Eric Saldarriaga pled guilty to prying open the accounts of over 50 people, including prominent Scientology critics Mike Rinder and Tony Ortega.

Private eye jailed for hacking email accounts of Scientology critics and othersA private investigator from Astoria, New York who broke into the email accounts of two prominent critics of the Church of Scientology was sentenced on Friday in federal court to three months in jail.

Eric Saldarriaga pled guilty on 5 March to one count of conspiracy to commit computer hacking.

Besides the jail time – which is half of what the court’s own probation department sought – he’ll also be serving three years of supervised probation and will be fined $1,000 (£635).

Manhattan US Attorney Preet Bharara has said that Saldarriaga hired hackers to pry open over 60 email accounts, and hand the information over to the private eye.

Two hacked accounts belong to Scientology critics

Two of the victims have both been featured in the book and HBO documentary ‘Going Clear’, which profile eight former members of Scientology as they describe “the systematic history of abuse and betrayal by Church officials, including the current leadership of the Church,” as the documentary’s site describes.
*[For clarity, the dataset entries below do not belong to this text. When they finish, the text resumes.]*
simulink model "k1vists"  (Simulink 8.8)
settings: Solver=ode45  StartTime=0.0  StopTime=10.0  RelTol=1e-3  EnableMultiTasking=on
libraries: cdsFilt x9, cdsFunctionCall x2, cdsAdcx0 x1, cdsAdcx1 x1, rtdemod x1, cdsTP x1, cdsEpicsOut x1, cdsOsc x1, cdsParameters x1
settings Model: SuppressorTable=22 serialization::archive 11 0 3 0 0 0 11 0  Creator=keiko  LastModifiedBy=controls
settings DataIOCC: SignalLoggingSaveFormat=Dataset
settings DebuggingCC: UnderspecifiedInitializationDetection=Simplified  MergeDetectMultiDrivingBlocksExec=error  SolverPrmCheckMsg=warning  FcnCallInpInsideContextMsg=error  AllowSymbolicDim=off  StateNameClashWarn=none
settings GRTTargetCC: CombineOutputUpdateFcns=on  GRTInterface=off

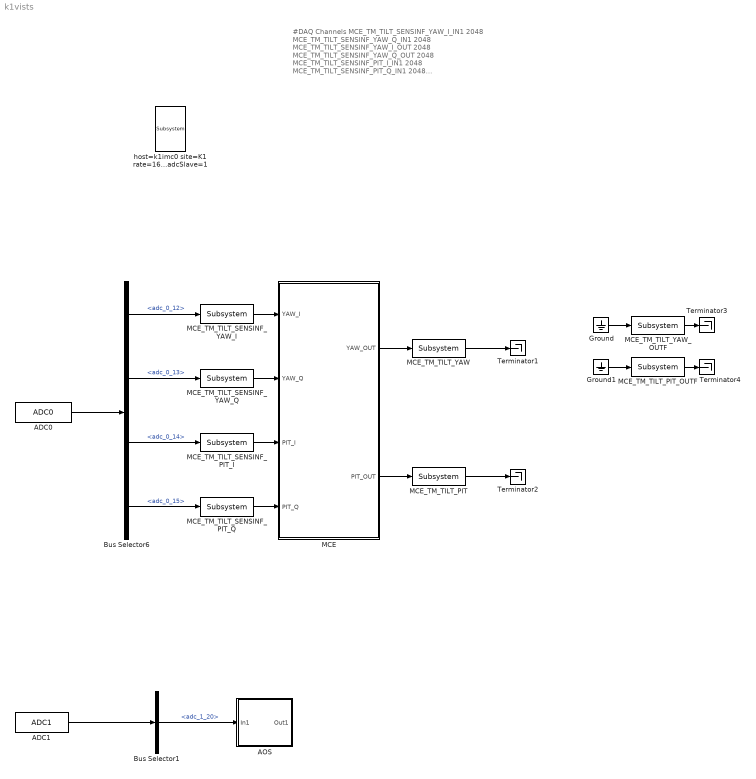
== system k1vists ==
  note: #DAQ Channels
      | MCE_TM_TILT_SENSINF_YAW_I_IN1 2048
      | MCE_TM_TILT_SENSINF_YAW_Q_IN1 2048
      | MCE_TM_TILT_SENSINF_YAW_I_OUT 2048
      | MCE_TM_TILT_SENSINF_YAW_Q_OUT 2048
      | MCE_TM_TILT_SENSINF_PIT_I_IN1 2048
      | MCE_TM_TILT_SENSINF_PIT_Q_IN1 2048
      | MCE_TM_TILT_SENSINF_PIT_I_OUT 2048
      | MCE_TM_TILT_SENSINF_PIT_Q_OUT 2048
      | MCE_TM_TILT_YAW_IN1 2048
      | MCE_TM_TILT_YAW_OUT 2048
      | MCE_TM_TILT_PIT_IN1 2048
      | MCE_TM_TILT_PIT_OUT 2048
      | MCE_TM_TILT_PIT_OUTF_OUT 2048
      | MCE_TM_TILT_YAW_OUTF_OUT 2048
      | AOS_HPBD_IFI_TEMPERATURE_OUT 2048
  ADC0 : cdsAdcx0/ADC0  Tag=cdsAdc  Description=|
      | type-GSC_16AI64SSA
      | card_num=0
      settings: AttributesFormatString=%<Description>\n%<Tag>
  ADC1 : cdsAdcx1/ADC1  Tag=cdsAdc  Description=|
      | type-GSC_16AI64SSA
      | card_num=1
      settings: AttributesFormatString=%<Description>\n%<Tag>
  AOS : Subsystem  Tag=top_names
  Bus Selector1 : BusSelector  Description=ADC Selector  OutputSignals=adc_1_20
      settings: AttributesFormatString=%<Description>
  Bus Selector6 : BusSelector  Description=ADC Selector  OutputSignals=adc_0_12,adc_0_13,adc_0_14,adc_0_15
      settings: AttributesFormatString=%<Description>
  Ground : Ground
  Ground1 : Ground
  MCE : Subsystem
  MCE_TM_TILT_PIT : cdsFilt/Subsystem  Tag=cdsFilt  Description=ADL=LOCKIN_FILTER.adl
      settings: AttributesFormatString=%<Tag>
  MCE_TM_TILT_PIT_OUTF : cdsFilt/Subsystem  Tag=cdsFilt  Description=ADL=LOCKIN_FILTER.adl
      settings: AttributesFormatString=%<Tag>
  MCE_TM_TILT_SENSINF_PIT_I : cdsFilt/Subsystem  Tag=cdsFilt  Description=ADL=LOCKIN_FILTER.adl
      settings: AttributesFormatString=%<Tag>
  MCE_TM_TILT_SENSINF_PIT_Q : cdsFilt/Subsystem  Tag=cdsFilt  Description=ADL=LOCKIN_FILTER.adl
      settings: AttributesFormatString=%<Tag>
  MCE_TM_TILT_SENSINF_YAW_I : cdsFilt/Subsystem  Tag=cdsFilt  Description=ADL=LOCKIN_FILTER.adl
      settings: AttributesFormatString=%<Tag>
  MCE_TM_TILT_SENSINF_YAW_Q : cdsFilt/Subsystem  Tag=cdsFilt  Description=ADL=LOCKIN_FILTER.adl
      settings: AttributesFormatString=%<Tag>
  MCE_TM_TILT_YAW : cdsFilt/Subsystem  Tag=cdsFilt  Description=ADL=LOCKIN_FILTER.adl
      settings: AttributesFormatString=%<Tag>
  MCE_TM_TILT_YAW_OUTF : cdsFilt/Subsystem  Tag=cdsFilt  Description=ADL=LOCKIN_FILTER.adl
      settings: AttributesFormatString=%<Tag>
  Terminator{1..4} (4 alike) : Terminator
  host=k1imc0 site=K1 rate=16K dcuid=41 specific_cpu=5 adcSlave=1 : cdsParameters/Subsystem  Tag=cdsParameters  Description=|
      | Purpose:                                                                                                                                                                                                                                
      | Provide system parameters to the FE code generator to properly configure the generated EPICS names, rep rate of the FE controller, and the Data Acquisition node ID for proper storage of data from this FE controller.                 
      |                                                                                                                                                                                                                                         
      | Useage:                                                                                                                                                                                                                                 
      | The part NAME field is used to identify the FE parameters. It must be of the form:                                                                                                                                                      
      | site=                                                                                                                                                                                                                                   
      | rate=                                                                                                                                                                                                                                   
      | dcuid=                                                                                                                                                                                                                                  
      |                                                                                                                                                                                                                                         
      | Where:                                                                                                                                                                                                                                  
      | site= argument may be H1, H2, L1, M1, G1, either as a single argument or multiple, for example site=H1,H2. These are the only names allowed. These will become the first two characters of all EPICS and signal names (for example G1:).
      |                                                                                                                                                                                                                                         
      | rate= may be 2K, 16K, 32K, or 64K                                                                                                                                                                                                       
      |                                                                                                                                                                                                                                         
      | dcuid= is site specific ie it must be unique at each site.
      settings: AttributesFormatString=%<Tag>
  wires:
  ADC0/1 -> Bus Selector6/1
  Bus Selector6/2 -> MCE_TM_TILT_SENSINF_YAW_Q/1  "<adc_0_13>"
  Bus Selector6/1 -> MCE_TM_TILT_SENSINF_YAW_I/1  "<adc_0_12>"
  Bus Selector6/3 -> MCE_TM_TILT_SENSINF_PIT_I/1  "<adc_0_14>"
  MCE/1(YAW_OUT) -> MCE_TM_TILT_YAW/1
  MCE/2(PIT_OUT) -> MCE_TM_TILT_PIT/1
  Bus Selector6/4 -> MCE_TM_TILT_SENSINF_PIT_Q/1  "<adc_0_15>"
  MCE_TM_TILT_SENSINF_YAW_I/1 -> MCE/1(YAW_I)
  MCE_TM_TILT_SENSINF_YAW_Q/1 -> MCE/2(YAW_Q)
  MCE_TM_TILT_SENSINF_PIT_I/1 -> MCE/3(PIT_I)
  MCE_TM_TILT_SENSINF_PIT_Q/1 -> MCE/4(PIT_Q)
  MCE_TM_TILT_YAW/1 -> Terminator1/1
  MCE_TM_TILT_PIT/1 -> Terminator2/1
  MCE_TM_TILT_YAW_OUTF/1 -> Terminator3/1
  MCE_TM_TILT_PIT_OUTF/1 -> Terminator4/1
  Ground/1 -> MCE_TM_TILT_YAW_OUTF/1
  Ground1/1 -> MCE_TM_TILT_PIT_OUTF/1
  ADC1/1 -> Bus Selector1/1
  Bus Selector1/1 -> AOS/1(In1)  "<adc_1_20>"

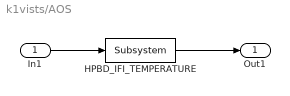
== system k1vists/AOS ==
  In1 : Inport
  HPBD_IFI_TEMPERATURE : cdsFilt/Subsystem  Tag=cdsFilt  Description=ADL=LOCKIN_FILTER.adl
      settings: AttributesFormatString=%<Tag>
  Out1 : Outport
  wires:
  HPBD_IFI_TEMPERATURE/1 -> Out1/1
  In1/1 -> HPBD_IFI_TEMPERATURE/1

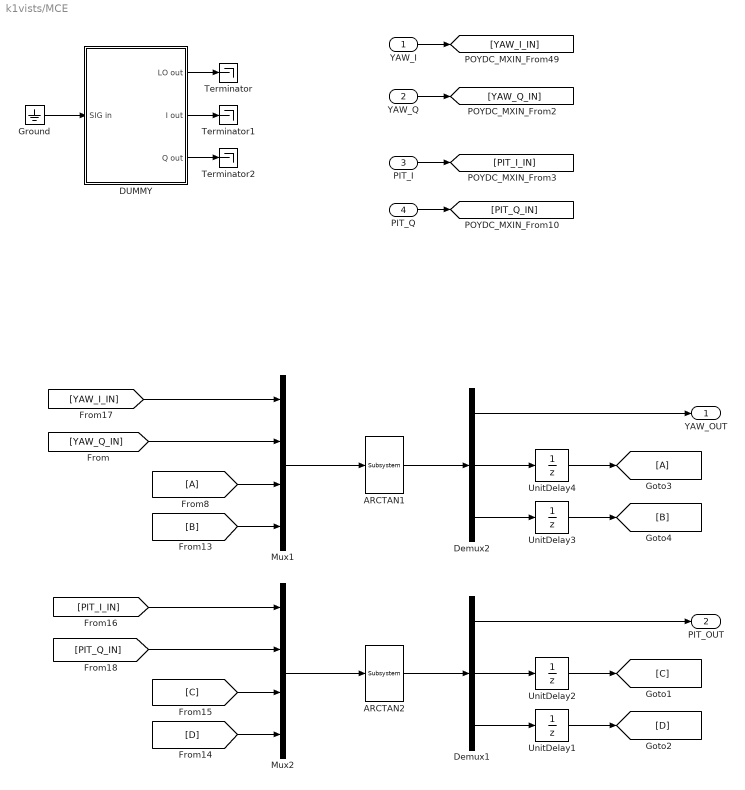
== system k1vists/MCE ==
  YAW_I : Inport
  YAW_Q : Inport  Port=2
  PIT_I : Inport  Port=3
  PIT_Q : Inport  Port=4
  ARCTAN1 : cdsFunctionCall/Subsystem  Tag=cdsFunctionCall  Description=inline ARCTAN /opt/rtcds/userapps/release/vis/common/src/ARCTAN.c
      settings: AttributesFormatString=%<Tag>\n%<Description>
  ARCTAN2 : cdsFunctionCall/Subsystem  Tag=cdsFunctionCall  Description=inline ARCTAN /opt/rtcds/userapps/release/vis/common/src/ARCTAN.c
      settings: AttributesFormatString=%<Tag>\n%<Description>
  DUMMY : Subsystem  Description=ADL=LOCKIN.adl
      settings: AttributesFormatString=%<Tag>
  Demux1 : Demux  Outputs=3
  Demux2 : Demux  Outputs=3
  Ground : Ground
  Mux1 : Mux
  Mux2 : Mux
  Terminator : Terminator
  Terminator1 : Terminator
  Terminator2 : Terminator
  UnitDelay{1..4} (4 alike) : UnitDelay
  YAW_OUT : Outport
  PIT_OUT : Outport  Port=2
  wires:
  UnitDelay4/1 -> [A]
  UnitDelay3/1 -> [B]
  UnitDelay2/1 -> [C]
  UnitDelay1/1 -> [D]
  [D] -> Mux2/4
  [C] -> Mux2/3
  Demux1/3 -> UnitDelay1/1
  Demux1/2 -> UnitDelay2/1
  ARCTAN2/1 -> Demux1/1
  Mux2/1 -> ARCTAN2/1
  [B] -> Mux1/4
  [A] -> Mux1/3
  Demux2/3 -> UnitDelay3/1
  Demux2/2 -> UnitDelay4/1
  ARCTAN1/1 -> Demux2/1
  Mux1/1 -> ARCTAN1/1
  Demux1/1 -> PIT_OUT/1
  PIT_I/1 -> [PIT_I_IN]
  Demux2/1 -> YAW_OUT/1
  YAW_Q/1 -> [YAW_Q_IN]
  PIT_Q/1 -> [PIT_Q_IN]
  [YAW_Q_IN] -> Mux1/2
  [PIT_I_IN] -> Mux2/1
  [PIT_Q_IN] -> Mux2/2
  [YAW_I_IN] -> Mux1/1
  YAW_I/1 -> [YAW_I_IN]
  DUMMY/1(LO out) -> Terminator/1
  DUMMY/2(I out) -> Terminator1/1
  DUMMY/3(Q out) -> Terminator2/1
  Ground/1 -> DUMMY/1(SIG in)

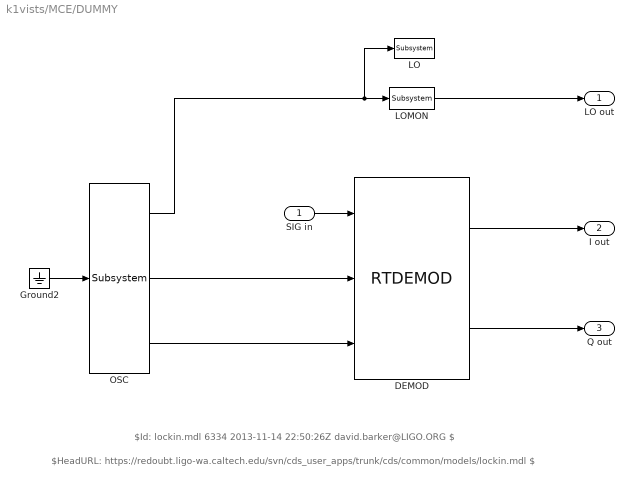
== system k1vists/MCE/DUMMY ==
  note: $Id: lockin.mdl 6334 2013-11-14 22:50:26Z david.barker@LIGO.ORG $
  note: $HeadURL: https://redoubt.ligo-wa.caltech.edu/svn/cds_user_apps/trunk/cds/common/models/lockin.mdl $
  SIG in : Inport
  DEMOD : rtdemod/RTDEMOD
  Ground2 : Ground
  LO : cdsTP/Subsystem  Tag=Test Point
      settings: AttributesFormatString=%<Tag>
  LOMON : cdsEpicsOut/Subsystem  Tag=cdsEpicsOutput  Description=|
      | Purpose:                                          
      | Output a FE signal to an EPICS channel.           
      |                                                   
      | Operation:                                        
      | Takes input value and passes it to EPICS record.  
      |                                                   
      | Usage:                                            
      | Name the part with the desired EPICS rrecord name.
      settings: AttributesFormatString=%<Tag>
  OSC : cdsOsc/Subsystem  Tag=cdsOsc  Description=Oscillator
      settings: AttributesFormatString=%<Tag>
  LO out : Outport
  I out : Outport  Port=2
  Q out : Outport  Port=3
  wires:
  OSC/1 -> LOMON/1, LO/1
  OSC/2 -> DEMOD/2
  OSC/3 -> DEMOD/3
  LOMON/1 -> LO out/1
  DEMOD/2 -> Q out/1
  DEMOD/1 -> I out/1
  SIG in/1 -> DEMOD/1
  Ground2/1 -> OSC/1

One victim was Mike Rinder, a former Scientology spokesman and one of the victims notified by the US Attorney’s Office.

Another victim is Tony Ortega, a journalist and blogger who’s written about Scientology for 20 years and who authored a book about the church’s campaign against the author and Scientology critic Paulette Cooper.

Both Ortega and Rinder had victim statements read out in court.

In an interview with Ars Technica, Ortega said that he first became aware of Saldarriaga in 2013 when he started receiving read receipts for emails sent from an account associated with his web domain.

Ortega said the investigator was sending emails from an account set up to look like it was Ortega’s, but he mistakenly configured it to send “read” receipts back to Ortega’s real account, as well as the fake account.

Ortega said:

He screwed up. Otherwise I'd have never caught him.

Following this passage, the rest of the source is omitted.